Cytokinesis is the process whereby the cytoplasm of a single cell is divided to spawn two daughter cells. It usually initiates during the late stages of mitosis, and sometimes meiosis, splitting a binucleate cell in two, to ensure that chromosome number is maintained from one generation to the next. In animal cells, one notable exception to the normal process of cytokinesis is oogenesis (the creation of an ovum in the ovarian follicle of the ovary), where the ovum takes almost all the cytoplasm and organelles, leaving very little for the resulting polar bodies, which then die. In plant cells, a dividing structure known as the cell plate forms across the centre of the cytoplasm and a new cell wall forms between the two daughter cells.

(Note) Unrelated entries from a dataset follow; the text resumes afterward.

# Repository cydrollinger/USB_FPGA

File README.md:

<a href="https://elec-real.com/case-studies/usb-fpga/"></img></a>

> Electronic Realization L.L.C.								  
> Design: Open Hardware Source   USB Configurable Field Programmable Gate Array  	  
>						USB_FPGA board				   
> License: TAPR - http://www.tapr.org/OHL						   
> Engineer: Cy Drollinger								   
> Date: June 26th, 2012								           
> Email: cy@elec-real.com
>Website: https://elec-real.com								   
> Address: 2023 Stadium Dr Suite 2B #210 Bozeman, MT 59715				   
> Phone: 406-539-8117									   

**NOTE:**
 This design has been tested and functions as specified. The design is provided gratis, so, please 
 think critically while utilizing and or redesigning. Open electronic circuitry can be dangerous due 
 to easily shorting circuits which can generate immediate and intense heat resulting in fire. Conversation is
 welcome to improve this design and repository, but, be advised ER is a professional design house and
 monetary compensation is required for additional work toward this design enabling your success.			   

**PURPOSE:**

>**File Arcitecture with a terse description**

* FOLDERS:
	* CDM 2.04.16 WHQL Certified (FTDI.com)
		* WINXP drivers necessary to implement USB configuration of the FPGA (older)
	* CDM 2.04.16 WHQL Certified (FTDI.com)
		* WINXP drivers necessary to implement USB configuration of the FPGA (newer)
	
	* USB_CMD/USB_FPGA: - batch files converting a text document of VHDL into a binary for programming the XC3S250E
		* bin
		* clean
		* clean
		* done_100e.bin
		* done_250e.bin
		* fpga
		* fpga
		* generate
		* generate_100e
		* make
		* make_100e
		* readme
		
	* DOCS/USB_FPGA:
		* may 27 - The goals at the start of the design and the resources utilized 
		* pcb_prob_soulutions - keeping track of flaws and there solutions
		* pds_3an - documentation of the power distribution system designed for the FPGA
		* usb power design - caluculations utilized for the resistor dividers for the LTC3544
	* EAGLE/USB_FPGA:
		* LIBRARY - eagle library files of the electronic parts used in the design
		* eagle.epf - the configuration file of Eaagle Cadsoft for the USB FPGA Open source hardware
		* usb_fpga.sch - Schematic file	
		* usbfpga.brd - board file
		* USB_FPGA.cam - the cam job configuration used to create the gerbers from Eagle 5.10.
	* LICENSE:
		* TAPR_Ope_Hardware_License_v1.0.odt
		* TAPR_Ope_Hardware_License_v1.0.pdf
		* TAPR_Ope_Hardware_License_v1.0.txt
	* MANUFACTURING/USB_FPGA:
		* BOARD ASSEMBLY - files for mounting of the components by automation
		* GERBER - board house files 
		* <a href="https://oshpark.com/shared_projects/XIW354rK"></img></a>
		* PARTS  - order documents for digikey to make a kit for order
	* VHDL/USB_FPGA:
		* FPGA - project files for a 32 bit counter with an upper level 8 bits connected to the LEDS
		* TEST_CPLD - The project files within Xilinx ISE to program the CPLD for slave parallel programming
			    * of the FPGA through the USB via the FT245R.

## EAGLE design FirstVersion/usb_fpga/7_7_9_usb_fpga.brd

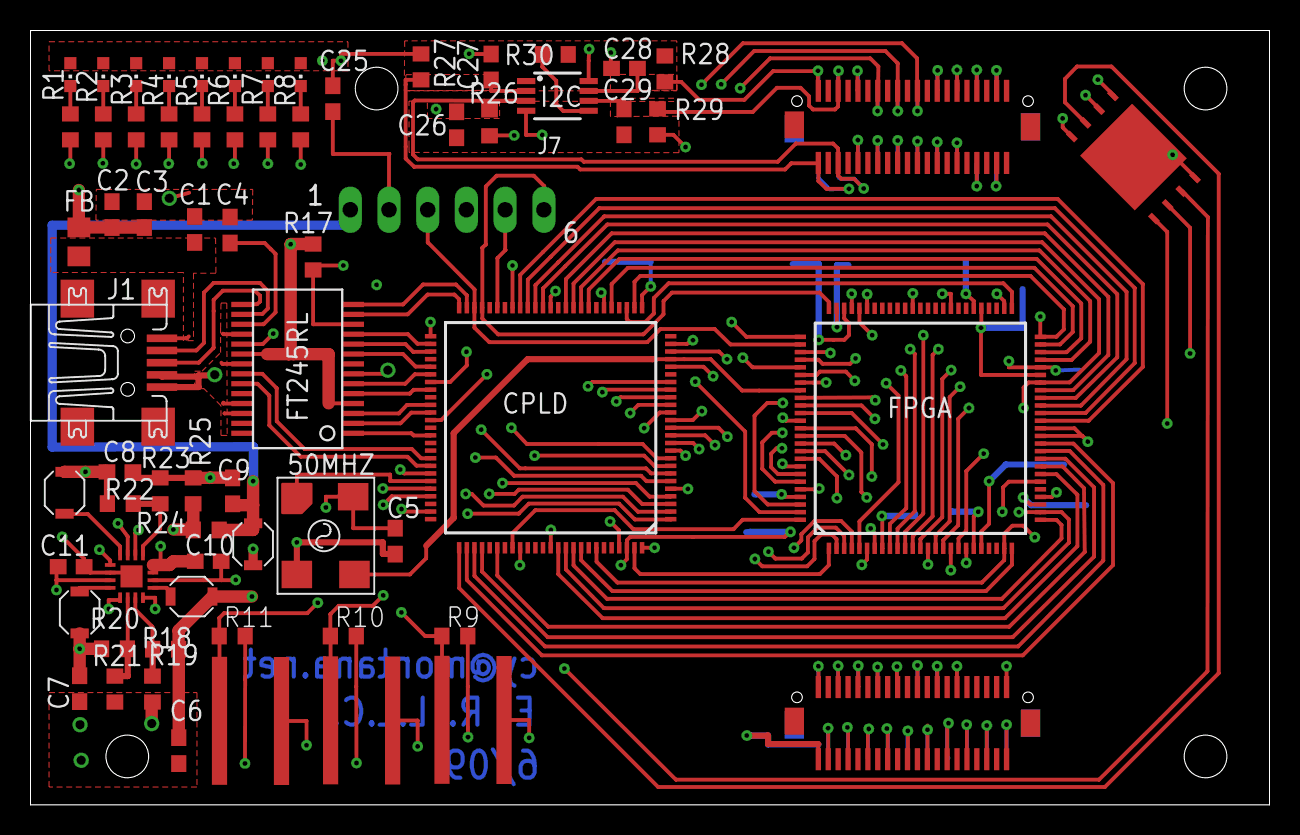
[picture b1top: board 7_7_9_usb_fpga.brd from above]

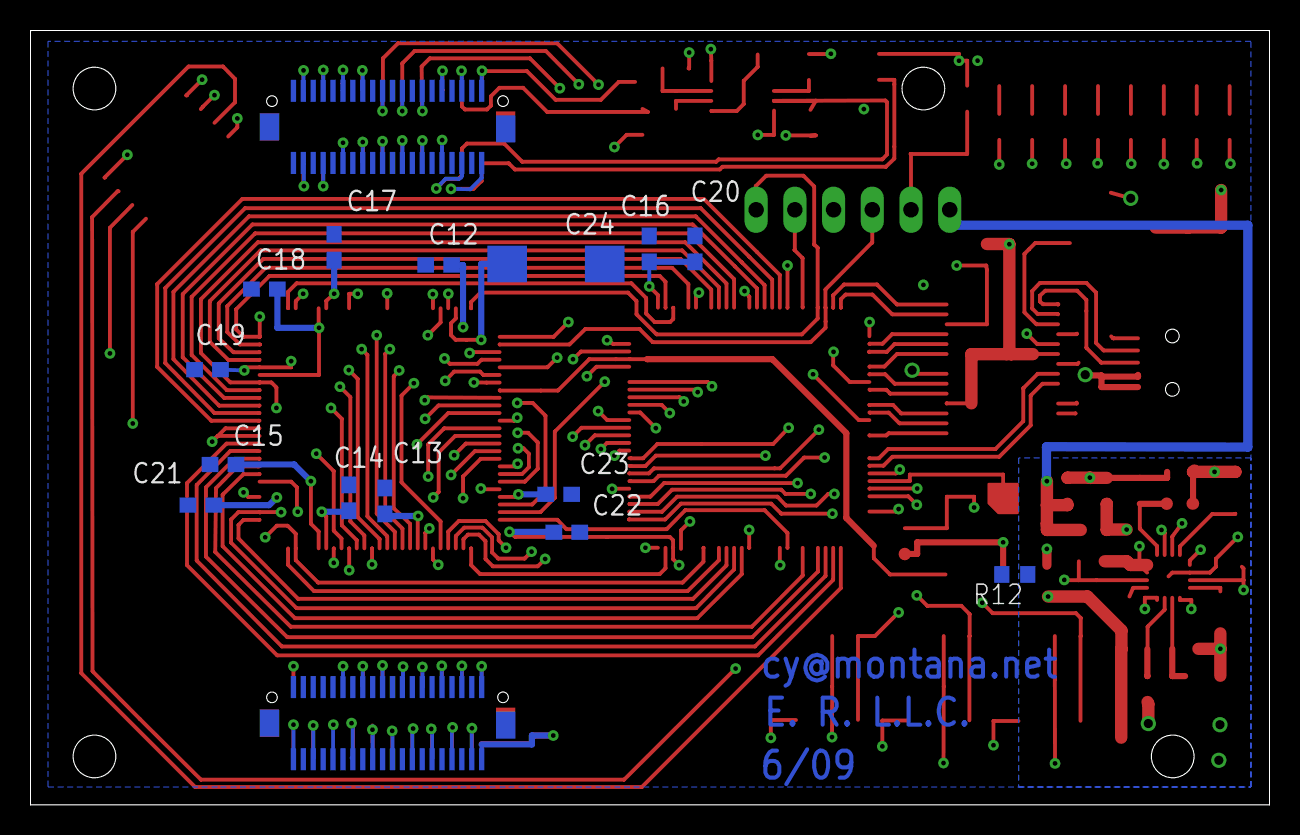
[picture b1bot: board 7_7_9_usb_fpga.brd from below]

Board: 4 copper layers, 81.3 x 50.8 mm, 84 parts (16 on the bottom side), 161 nets.

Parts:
50MHZ: CB3
C1, C5: .01 UF; C0603
C2, C6, C7, C8, C9, C10, C11, C12, C13: 4.7 UF; C0603
C3, C4: .1 UF; C0603
C14, C15, C16, C17: .47 UF; C0603
C18, C19, C20, C21, C22, C23: .047 UF; C0603
C24: 470 UF; CT7343
C25, C26, C27, C28, C29: 50 PF; C0603
CPLD: XC2C64A_VQ100; VQ100
FB: 1uH; R0805
FPGA: XC3S100E_VQ100; VQ100
FT245RL: FT245RL; SSOP28DB
I2C: LTC4300-1; MSOP8
J1: MINI-USB; UX60-MB-5ST
J3, J5: DF15_40; DF15
J4, J6: DF15_40_; DF15_
J7: 22-27-2061-06; 6410-06
L1, L2, L3, L4: 4.7 UH; L3010
LED1, LED2, LED3, LED4, LED5, LED6, LED7, LED8: CHIPLED_0603
R1, R2, R3, R4, R5, R6, R7, R8: R0603
R9, R10, R11, R17: 10k; R0603
R12: 0; R0603
R18: 500; R0603
R19, R21, R23, R25: 1k3; R0603
R20: 3125; R0603
R22: 1250; R0603
R24: 2125; R0603
R26, R27, R28, R29: 20 k; R0603
R30: 10 k; R0603
SPI_FLASH: M25P16; VDFPN8
SW1, SW2, SW3: BS3N
VOLTAGE_REG: LTC3544; QFN16

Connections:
1.8V: C8.1, C16.1, C20.1, CPLD.26, CPLD.57, L3.P$1, R22.2
AGND: C6.2, C7.2, C8.2, C9.2, C10.2, C11.1, R12.1, R19.1, R21.1, R23.1, R25.1, VOLTAGE_REG.6, VOLTAGE_REG.14, VOLTAGE_REG.P$17
BUSY: CPLD.91, FPGA.26
CCLK: CPLD.27, FPGA.50, SPI_FLASH.6
CE: 50MHZ.1, CPLD.70
CSO_B: CPLD.94, FPGA.24, SPI_FLASH.1
D0: CPLD.64, FT245RL.1
D1: CPLD.58, FT245RL.5
D2: CPLD.60, FT245RL.3
D3: CPLD.52, FT245RL.11
D4: CPLD.61, FT245RL.2
D5: CPLD.55, FT245RL.9
D6: CPLD.53, FT245RL.10
D7: CPLD.56, FT245RL.6
DGND: 50MHZ.2, C1.2, C2.2, C3.2, C4.2, C5.1, C12.2, C13.2, C14.2, C15.2, C16.2, C17.2, C18.2, C19.2, C20.2, C21.2, C22.2, C23.2, C24.-, C25.2, C26.2, C27.2, C28.2, C29.2, CPLD.21, CPLD.31, CPLD.62, CPLD.69, CPLD.84, CPLD.100, FPGA.7, FPGA.14, FPGA.19, FPGA.29, FPGA.37, FPGA.38, FPGA.52, FPGA.59, FPGA.64, FPGA.72, FPGA.81, FPGA.87, FPGA.93, FT245RL.7, FT245RL.18, FT245RL.21, FT245RL.25, FT245RL.26, I2C.4, J1.4, J1.5, J3.P$21, J4.P$20, J7.2, R12.2, SPI_FLASH.4, SW1.2, SW2.2, SW3.2
DIN/_D0: CPLD.35, FPGA.44, SPI_FLASH.2
DONE: CPLD.28, FPGA.51
FPGA_TDI: CPLD.83, FPGA.100
HOLD: CPLD.76, SPI_FLASH.7
HSWAP: CPLD.24, FPGA.99
INIT_B: CPLD.92, FPGA.25
J3_2: CPLD.10, J3.P$2, J4.P$39
J3_3: J3.P$3, J4.P$38
J3_4: CPLD.11, J3.P$4, J4.P$37
J3_5: J3.P$5, J4.P$36
J3_6: CPLD.12, J3.P$6, J4.P$35
J3_7: J3.P$7, J4.P$34
J3_8: CPLD.13, J3.P$8, J4.P$33
J3_9: J3.P$9, J4.P$32
J3_10: CPLD.23, J3.P$10, J4.P$31
J3_11: J3.P$11, J4.P$30
J3_12: CPLD.15, J3.P$12, J4.P$29
J3_13: J3.P$13, J4.P$28
J3_14: CPLD.16, J3.P$14, J4.P$27
J3_15: J3.P$15, J4.P$26
J3_16: CPLD.17, J3.P$16, J4.P$25
J3_17: J3.P$17, J4.P$24
J3_18: CPLD.18, J3.P$18, J4.P$23
J3_19: J3.P$19, J4.P$22
J3_20: CPLD.19, J3.P$20, J4.P$21
J3_22: J3.P$22, J4.P$19
J3_23: J3.P$23, J4.P$18
J3_24: J3.P$24, J4.P$17
J3_25: J3.P$25, J4.P$16
J3_26: FPGA.84, J3.P$26, J4.P$15
J3_27: J3.P$27, J4.P$14
J3_28: FPGA.85, J3.P$28, J4.P$13
J3_29: J3.P$29, J4.P$12
J3_30: FPGA.86, J3.P$30, J4.P$11
J3_31: J3.P$31, J4.P$10
J3_32: FPGA.88, J3.P$32, J4.P$9
J3_33: J3.P$33, J4.P$8
J3_34: FPGA.89, J3.P$34, J4.P$7
J3_35: J3.P$35, J4.P$6
J3_36: FPGA.90, J3.P$36, J4.P$5
J3_37: J3.P$37, J4.P$4
J3_38: FPGA.91, J3.P$38, J4.P$3
J3_39: J3.P$39, J4.P$2
J3_40: FPGA.92, J3.P$40, J4.P$1
J5_1: C27.1, FPGA.5, I2C.2, J5.P$1, J6.P$40, R27.1
J5_2: J5.P$2, J6.P$39
J5_3: C26.1, FPGA.9, I2C.3, J5.P$3, J6.P$38, R26.1
J5_4: J5.P$4, J6.P$37
J5_5: FPGA.10, J5.P$5, J6.P$36
J5_6: J5.P$6, J6.P$35
J5_7: FPGA.11, J5.P$7, J6.P$34
J5_8: J5.P$8, J6.P$33
J5_9: FPGA.12, J5.P$9, J6.P$32
J5_10: J5.P$10, J6.P$31
J5_11: FPGA.13, J5.P$11, J6.P$30
J5_12: J5.P$12, J6.P$29
J5_13: FPGA.15, J5.P$13, J6.P$28
J5_14: J5.P$14, J6.P$27
J5_15: FPGA.16, J5.P$15, J6.P$26
J5_16: J5.P$16, J6.P$25
J5_17: FPGA.17, J5.P$17, J6.P$24
J5_18: J5.P$18, J6.P$23
J5_19: FPGA.18, J5.P$19, J6.P$22
J5_20: J5.P$20, J6.P$21
J5_21: J5.P$21, J6.P$20
J5_22: FPGA.70, J5.P$22, J6.P$19
J5_23: J5.P$23, J6.P$18
J5_24: FPGA.71, J5.P$24, J6.P$17
J5_25: J5.P$25, J6.P$16
J5_26: FPGA.79, J5.P$26, J6.P$15
J5_27: J5.P$27, J6.P$14
J5_28: FPGA.78, J5.P$28, J6.P$13
J5_29: J5.P$29, J6.P$12
J5_30: FPGA.98, J5.P$30, J6.P$11
J5_31: J5.P$31, J6.P$10
J5_32: FPGA.95, J5.P$32, J6.P$9
J5_33: J5.P$33, J6.P$8
J5_34: FPGA.94, J5.P$34, J6.P$7
J5_35: J5.P$35, J6.P$6
J5_36: FPGA.2, J5.P$36, J6.P$5
J5_37: J5.P$37, J6.P$4
J5_38: C29.1, FPGA.3, I2C.6, J5.P$38, J6.P$3, R29.1
J5_39: J5.P$39, J6.P$2
J5_40: C28.1, FPGA.4, I2C.7, J5.P$40, J6.P$1, R28.1
LED1: CPLD.1, R1.1
LED2: CPLD.2, R2.1
LED3: CPLD.3, R3.1
LED4: CPLD.4, R4.1
LED5: CPLD.6, R5.1
LED6: CPLD.7, R6.1
LED7: CPLD.8, R7.1
LED8: CPLD.9, R8.1
M0: CPLD.36, FPGA.43
M1: CPLD.39, FPGA.42
M2: CPLD.42, FPGA.39
MCLK: 50MHZ.3, CPLD.22, FPGA.83
MOSI: CPLD.90, FPGA.27, SPI_FLASH.5
unnamed: R22.1, R23.2, VOLTAGE_REG.1
unnamed: R24.1, R25.2, VOLTAGE_REG.2
unnamed: R18.1, R19.2, VOLTAGE_REG.11
unnamed: C1.1, FB.1, J1.1
unnamed: R20.1, R21.2, VOLTAGE_REG.10
unnamed: L1.P$1, VOLTAGE_REG.13
unnamed: L4.P$1, VOLTAGE_REG.8
unnamed: L2.P$2, VOLTAGE_REG.5
unnamed: L3.P$2, VOLTAGE_REG.4
unnamed: I2C.5, R30.1
unnamed: C4.1, FT245RL.17
unnamed: LED1.C, R1.2
unnamed: LED2.C, R2.2
unnamed: LED3.C, R3.2
unnamed: LED4.C, R4.2
unnamed: LED5.C, R5.2
unnamed: LED6.C, R6.2
unnamed: LED7.C, R7.2
unnamed: LED8.C, R8.2
PROG_B: CPLD.99, FPGA.1
PWREN: CPLD.43, FT245RL.12, R17.1
RD: CPLD.50, FT245RL.13
RST: CPLD.14, FT245RL.19
RX: CPLD.68, FT245RL.23
SW1: CPLD.74, R9.1, SW1.1
SW2: CPLD.72, R10.1, SW2.1
SW3: CPLD.71, R11.1, SW3.1
TCK: CPLD.48, FPGA.77, J7.3
TDI: CPLD.45, J7.5
TDO: FPGA.76, J7.4
TMS: CPLD.47, FPGA.75, J7.6
TX: CPLD.67, FT245RL.22
USBDM: FT245RL.16, J1.2
USBDP: FT245RL.15, J1.3
VCC: C2.1, C3.1, C10.1, C11.2, FB.2, J3.P$1, J4.P$40, VOLTAGE_REG.3, VOLTAGE_REG.7, VOLTAGE_REG.9, VOLTAGE_REG.12, VOLTAGE_REG.15, VOLTAGE_REG.16
VCCAUX: C9.1, C12.1, C15.1, C19.1, CPLD.5, FPGA.21, FPGA.46, FPGA.74, FPGA.96, J7.1, L2.P$1, R24.2
VCCINT: C6.1, C17.1, C21.1, FPGA.6, FPGA.28, FPGA.56, FPGA.80, L1.P$2, R18.2
VCCO: 50MHZ.4, C5.2, C7.1, C13.1, C14.1, C18.1, C22.1, C23.1, C24.+, C25.1, CPLD.38, CPLD.51, CPLD.88, CPLD.98, FPGA.8, FPGA.20, FPGA.31, FPGA.45, FPGA.55, FPGA.73, FPGA.82, FPGA.97, FT245RL.4, FT245RL.20, I2C.8, L4.P$2, LED1.A, LED2.A, LED3.A, LED4.A, LED5.A, LED6.A, LED7.A, LED8.A, R9.2, R10.2, R11.2, R17.2, R20.2, R26.2, R27.2, R28.2, R29.2, R30.2, SPI_FLASH.8
VS0: CPLD.30, FPGA.49
VS1: CPLD.33, FPGA.48
VS2: CPLD.34, FPGA.47
WR: CPLD.49, FT245RL.14
_D1: CPLD.40, FPGA.41
_D2: CPLD.41, FPGA.40
_D3: CPLD.77, FPGA.36
_D4: CPLD.78, FPGA.35
_D5: CPLD.79, FPGA.34
_D6: CPLD.81, FPGA.33
_D7: CPLD.89, FPGA.32

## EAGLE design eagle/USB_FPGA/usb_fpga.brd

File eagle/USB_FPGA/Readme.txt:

********************************************************************************************
* Electronic Realization L.L.C.								   *
* Design: Open Hardware Source   USB Configurable Field Programmable Gate Array  	   *
*						USB_FPGA board				   *
* License: TAPR - http://www.tapr.org/OHL						   *
* Engineer: Cy Drollinger								   *
* Date: June 26th, 2012								           *
* Email: cy@elec-real.com								   *
* Address: 313 W. mendenhall #5 Bozeman, MT 59715					   *
* Phone: 406-586-5502									   *
********************************************************************************************

*******************************************
*File Arcitecture with a small description*
*******************************************
FOLDERS/files:
	EAGLE/USB_FPGA:
		LIBRARY - eagle library files of the electronic parts used in the design
		eagle.epf - the configuration file of Eaagle Cadsoft for the USB FPGA Open source hardware
		usb_fpga.sch - Schematic file	
		usbfpga.brd - board file
		USB_FPGA.cam - the cam job configuration used to create the gerbers from Eagle 5.10.

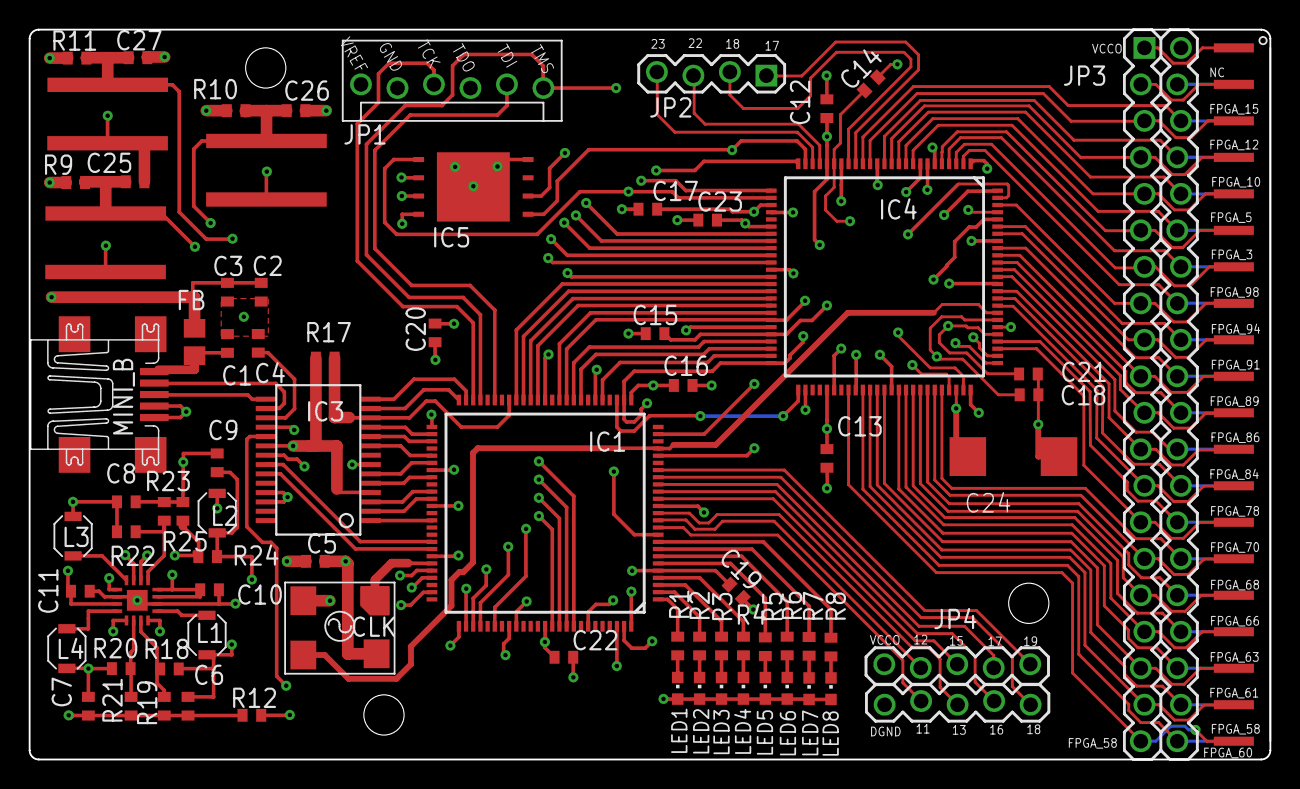
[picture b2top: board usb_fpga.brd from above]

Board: 4 copper layers, 86.4 x 50.8 mm, 77 parts (0 on the bottom side), 133 nets.

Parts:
C1, C5: .01 UF; C0402
C2, C6, C7, C8, C9, C10, C11, C12, C13: 4.7 UF; C0402
C3, C4: .1 UF; C0402
C14, C15, C16, C17: .47 UF; C0402
C18, C19, C20, C21, C22, C23: .047 UF; C0402
C24: 470 uF; D/7343-31R
C25, C26, C27: C0402
CLK: 50MHz; CB3
FB: 1uH; R0805
IC1: XC2C64A_VQ100; VQ100
IC2: LTC3544; QFN16
IC3: FT245RL; SSOP28DB
IC4: XC3S250E_VQ100; VQ100
IC5: M25P16; VDFPN8
JP1: MOLEX-1X6_LOCK
JP2: 1X04_LOCK
JP3: LOCK_40
JP4, JP4_1: 1X05_LOCK
JP36: BRD_EDGE_40; STRADDLE_40
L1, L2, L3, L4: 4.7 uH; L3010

During normal proliferative divisions, animal cell cytokinesis begins shortly after the onset of sister chromatid separation in the anaphase of mitosis. A contractile ring, made of non-muscle myosin II and actin filaments, assembles equatorially (in the middle of the cell) at the cell cortex (adjacent to the cell membrane). Myosin II uses the free energy released when ATP is hydrolysed to move along these actin filaments, constricting the cell membrane to form a cleavage furrow. Continued hydrolysis causes this cleavage furrow to ingress (move inwards), a striking process that is clearly visible down a light microscope. Ingression continues until a so-called midbody structure (composed of electron-dense, proteinaceous material) is formed and the process of abscission then physically cleaves this midbody into two. Abscission depends on septin filaments beneath the cleavage furrow, which provide a structural basis to ensure completion of cytokinesis. After cytokinesis, non-kinetochore microtubules reorganize and disappear into a new cytoskeleton as the cell cycle returns to interphase (see also cell cycle).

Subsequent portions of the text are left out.